The city council conducted a public hearing on January 6,1969, at which plaintiffs were represented by counsel. The council, by a vote of 4 to 2, with 1 abstention, accepted the planning commission’s recommendations and adopted its findings. Plaintiffs’ application for a conditional-use permit was then denied.

*190Plaintiffs’ mandamus action to compel the defendant city to issue the conditional-use permit must be measured by the principles stated in Zylka v. City of Crystal, 283 Minn. 192, 167 N. W. 2d 45 (1969). We pointed out in Zylka that the municipal zoning ordinance set forth no standards to guide the planning commission and held that the council’s action was prima facie arbitrary because the council accepted the planning commission’s recommendations without making any findings or giving any legally sufficient reasons for its denial of the permit. The case at bar differs from Zylka in that the ordinance of defendant municipality does contain standards to guide the planning commission, and the council did state reasons for its actions. However, the council made no independent findings of its own but deferred to the expertise of the planning department.

In Zylka, we pointed out that “conditional use permits” are not granted as a matter of right and that factors such as traffic congestion, population density, noise, and effect on adjoining land values must be considered as they bear on public health, safety, or general welfare. However, we added this caveat:

“* * * [A]n arbitrary denial may be found by a reviewing court when the evidence presented at the hearing before the municipal governing body and the reviewing court establishes that the requested use is compatible with the basic use authorized within the particular zone and does not endanger the public health or safety or the general welfare of the area affected or the community as a whole.” 283 Minn. 196, 167 N. W. 2d 49.

Here, the area in question was zoned for industrial purposes.
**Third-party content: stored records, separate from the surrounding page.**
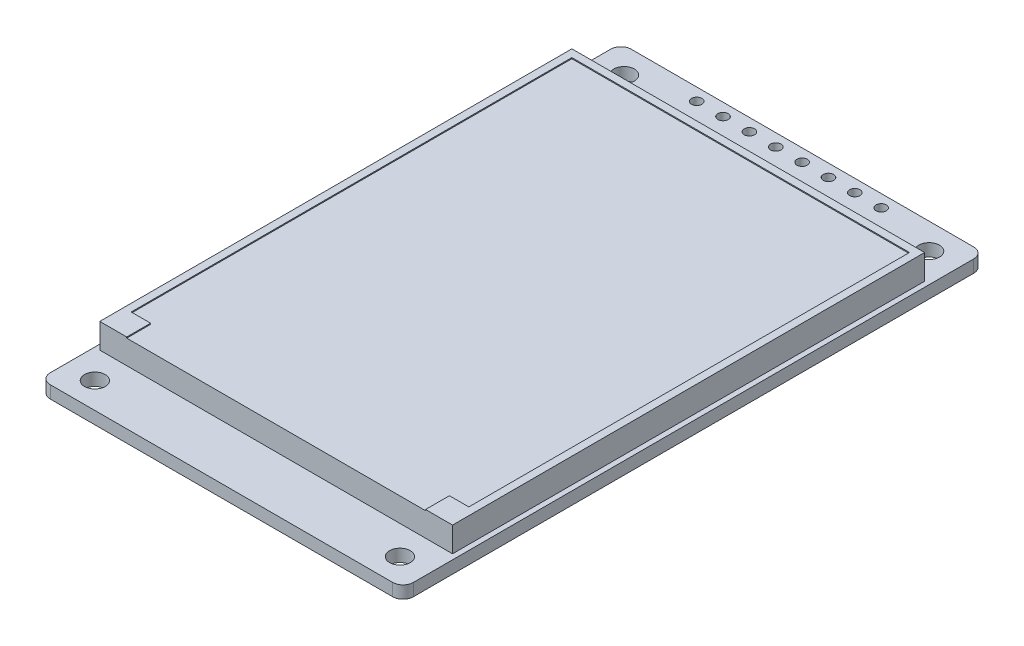
ISO-10303-21;
HEADER;
FILE_DESCRIPTION(('STEP AP214'),'2;1');
FILE_NAME('part.step','',(''),(''),'','','');
FILE_SCHEMA(('AUTOMOTIVE_DESIGN { 1 0 10303 214 1 1 1 1 }'));
ENDSEC;
DATA;
#1=APPLICATION_CONTEXT('core data for automotive mechanical design processes');
#2=APPLICATION_PROTOCOL_DEFINITION('international standard','automotive_design',2000,#1);
#3=PRODUCT_CONTEXT('',#1,'mechanical');
#4=PRODUCT('Part','Part','',(#3));
#5=PRODUCT_RELATED_PRODUCT_CATEGORY('part','',(#4));
#6=PRODUCT_DEFINITION_FORMATION('','',#4);
#7=PRODUCT_DEFINITION_CONTEXT('part definition',#1,'design');
#8=PRODUCT_DEFINITION('design','',#6,#7);
#9=PRODUCT_DEFINITION_SHAPE('','',#8);
#10=(LENGTH_UNIT() NAMED_UNIT(*) SI_UNIT(.MILLI.,.METRE.));
#11=(NAMED_UNIT(*) PLANE_ANGLE_UNIT() SI_UNIT($,.RADIAN.));
#12=(NAMED_UNIT(*) SI_UNIT($,.STERADIAN.) SOLID_ANGLE_UNIT());
#13=UNCERTAINTY_MEASURE_WITH_UNIT(LENGTH_MEASURE(1.E-05),#10,'distance_accuracy_value','');
#14=(GEOMETRIC_REPRESENTATION_CONTEXT(3) GLOBAL_UNCERTAINTY_ASSIGNED_CONTEXT((#13)) GLOBAL_UNIT_ASSIGNED_CONTEXT((#10,
#11,#12)) REPRESENTATION_CONTEXT('',''));
#15=CARTESIAN_POINT('',(0.,0.,0.));
#16=DIRECTION('',(0.,0.,1.));
#17=DIRECTION('',(1.,0.,0.));
#18=AXIS2_PLACEMENT_3D('',#15,#16,#17);
#19=CARTESIAN_POINT('',(0.,1.2,0.));
#20=DIRECTION('',(0.,-1.,0.));
#21=DIRECTION('',(0.,0.,-1.));
#22=AXIS2_PLACEMENT_3D('',#19,#20,#21);
#23=PLANE('',#22);
#24=CARTESIAN_POINT('',(8.78,1.2,-26.8));
#25=DIRECTION('',(0.,1.,0.));
#26=DIRECTION('',(0.,0.,1.));
#27=AXIS2_PLACEMENT_3D('',#24,#25,#26);
#28=CIRCLE('',#27,0.500000000000001);
#29=CARTESIAN_POINT('',(8.78,1.2,-26.3));
#30=VERTEX_POINT('',#29);
#31=EDGE_CURVE('E314',#30,#30,#28,.T.);
#32=ORIENTED_EDGE('',*,*,#31,.F.);
#33=EDGE_LOOP('',(#32));
#34=FACE_BOUND('',#33,.T.);
#35=CARTESIAN_POINT('',(6.24,1.2,-26.8));
#36=DIRECTION('',(0.,1.,0.));
#37=DIRECTION('',(0.,0.,1.));
#38=AXIS2_PLACEMENT_3D('',#35,#36,#37);
#39=CIRCLE('',#38,0.500000000000001);
#40=CARTESIAN_POINT('',(6.24,1.2,-26.3));
#41=VERTEX_POINT('',#40);
#42=EDGE_CURVE('E322',#41,#41,#39,.T.);
#43=ORIENTED_EDGE('',*,*,#42,.F.);
#44=EDGE_LOOP('',(#43));
#45=FACE_BOUND('',#44,.T.);
#46=CARTESIAN_POINT('',(3.7,1.2,-26.8));
#47=DIRECTION('',(0.,1.,0.));
#48=DIRECTION('',(0.,0.,1.));
#49=AXIS2_PLACEMENT_3D('',#46,#47,#48);
#50=CIRCLE('',#49,0.500000000000001);
#51=CARTESIAN_POINT('',(3.7,1.2,-26.3));
#52=VERTEX_POINT('',#51);
#53=EDGE_CURVE('E330',#52,#52,#50,.T.);
#54=ORIENTED_EDGE('',*,*,#53,.F.);
#55=EDGE_LOOP('',(#54));
#56=FACE_BOUND('',#55,.T.);
#57=CARTESIAN_POINT('',(1.16,1.2,-26.8));
#58=DIRECTION('',(0.,1.,0.));
#59=DIRECTION('',(0.,0.,1.));
#60=AXIS2_PLACEMENT_3D('',#57,#58,#59);
#61=CIRCLE('',#60,0.500000000000001);
#62=CARTESIAN_POINT('',(1.16,1.2,-26.3));
#63=VERTEX_POINT('',#62);
#64=EDGE_CURVE('E338',#63,#63,#61,.T.);
#65=ORIENTED_EDGE('',*,*,#64,.F.);
#66=EDGE_LOOP('',(#65));
#67=FACE_BOUND('',#66,.T.);
#68=CARTESIAN_POINT('',(-1.38,1.2,-26.8));
#69=DIRECTION('',(0.,1.,0.));
#70=DIRECTION('',(0.,0.,1.));
#71=AXIS2_PLACEMENT_3D('',#68,#69,#70);
#72=CIRCLE('',#71,0.500000000000001);
#73=CARTESIAN_POINT('',(-1.38,1.2,-26.3));
#74=VERTEX_POINT('',#73);
#75=EDGE_CURVE('E346',#74,#74,#72,.T.);
#76=ORIENTED_EDGE('',*,*,#75,.F.);
#77=EDGE_LOOP('',(#76));
#78=FACE_BOUND('',#77,.T.);
#79=CARTESIAN_POINT('',(-3.92,1.2,-26.8));
#80=DIRECTION('',(0.,1.,0.));
#81=DIRECTION('',(0.,0.,1.));
#82=AXIS2_PLACEMENT_3D('',#79,#80,#81);
#83=CIRCLE('',#82,0.500000000000001);
#84=CARTESIAN_POINT('',(-3.92,1.2,-26.3));
#85=VERTEX_POINT('',#84);
#86=EDGE_CURVE('E354',#85,#85,#83,.T.);
#87=ORIENTED_EDGE('',*,*,#86,.F.);
#88=EDGE_LOOP('',(#87));
#89=FACE_BOUND('',#88,.T.);
#90=CARTESIAN_POINT('',(-6.46,1.2,-26.8));
#91=DIRECTION('',(0.,1.,0.));
#92=DIRECTION('',(0.,0.,1.));
#93=AXIS2_PLACEMENT_3D('',#90,#91,#92);
#94=CIRCLE('',#93,0.500000000000001);
#95=CARTESIAN_POINT('',(-6.46,1.2,-26.3));
#96=VERTEX_POINT('',#95);
#97=EDGE_CURVE('E362',#96,#96,#94,.T.);
#98=ORIENTED_EDGE('',*,*,#97,.F.);
#99=EDGE_LOOP('',(#98));
#100=FACE_BOUND('',#99,.T.);
#101=CARTESIAN_POINT('',(-9.00000000000001,1.2,-26.8));
#102=DIRECTION('',(0.,1.,0.));
#103=DIRECTION('',(0.,0.,1.));
#104=AXIS2_PLACEMENT_3D('',#101,#102,#103);
#105=CIRCLE('',#104,0.500000000000001);
#106=CARTESIAN_POINT('',(-9.00000000000001,1.2,-26.3));
#107=VERTEX_POINT('',#106);
#108=EDGE_CURVE('E370',#107,#107,#105,.T.);
#109=ORIENTED_EDGE('',*,*,#108,.F.);
#110=EDGE_LOOP('',(#109));
#111=FACE_BOUND('',#110,.T.);
#112=CARTESIAN_POINT('',(14.7,1.2,25.5));
#113=DIRECTION('',(0.,1.,0.));
#114=DIRECTION('',(0.,0.,1.));
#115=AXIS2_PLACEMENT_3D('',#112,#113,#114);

There were two gasoline service stations directly across the street. The city planner revealed that he would have no hesitation in acquiescing in the permit provided the plaintiffs’ nonconforming use was discontinued. Indeed, the city argued that, if the property were used for industrial purposes, the same volume of traffic moving in and out of the property would not be a hazard because the drivers would be familiar with the problems *191confronting them as they emerged. Concern for the health and safety of those residing on the property was couched only in general terms. As we have noted, Mr. Webster candidly expressed a purpose to hasten the discontinuance of the nonconforming use. The report of the planning commission included the statement to which we have alluded that the permit would not be considered if the property were used for residential purposes. On this appeal, the city takes the position that it has not only the right but the duty to end the existing nonconforming use.

A bare majority of the council denied plaintiffs’ application for the permit. The trial court has made a finding that the council’s apparent motive was to end the nonconforming use. On this record we are not disposed to hold the court’s findings have no support in the evidence. The order is accordingly affirmed.

Affirmed.

“A use which lawfully existed prior to the enactment of a zoning ordinance, and which is maintained after the effective date of the ordinance although it does not comply with the use restrictions applicable to the area in which it is situated, is commonly referred to as a ‘nonconforming use.’ ” 1 Anderson, American Law of Zoning, § 6.01.

The city planning commission is an advisory commission composed of a cross-section of the citizens of the community. See, Bloomington City Code, c. 70.

The planning commission had earlier held a hearing on this matter and recommended to the council that it deny the permit, but thereafter and council referred the matter back to the commission for further study and consideration.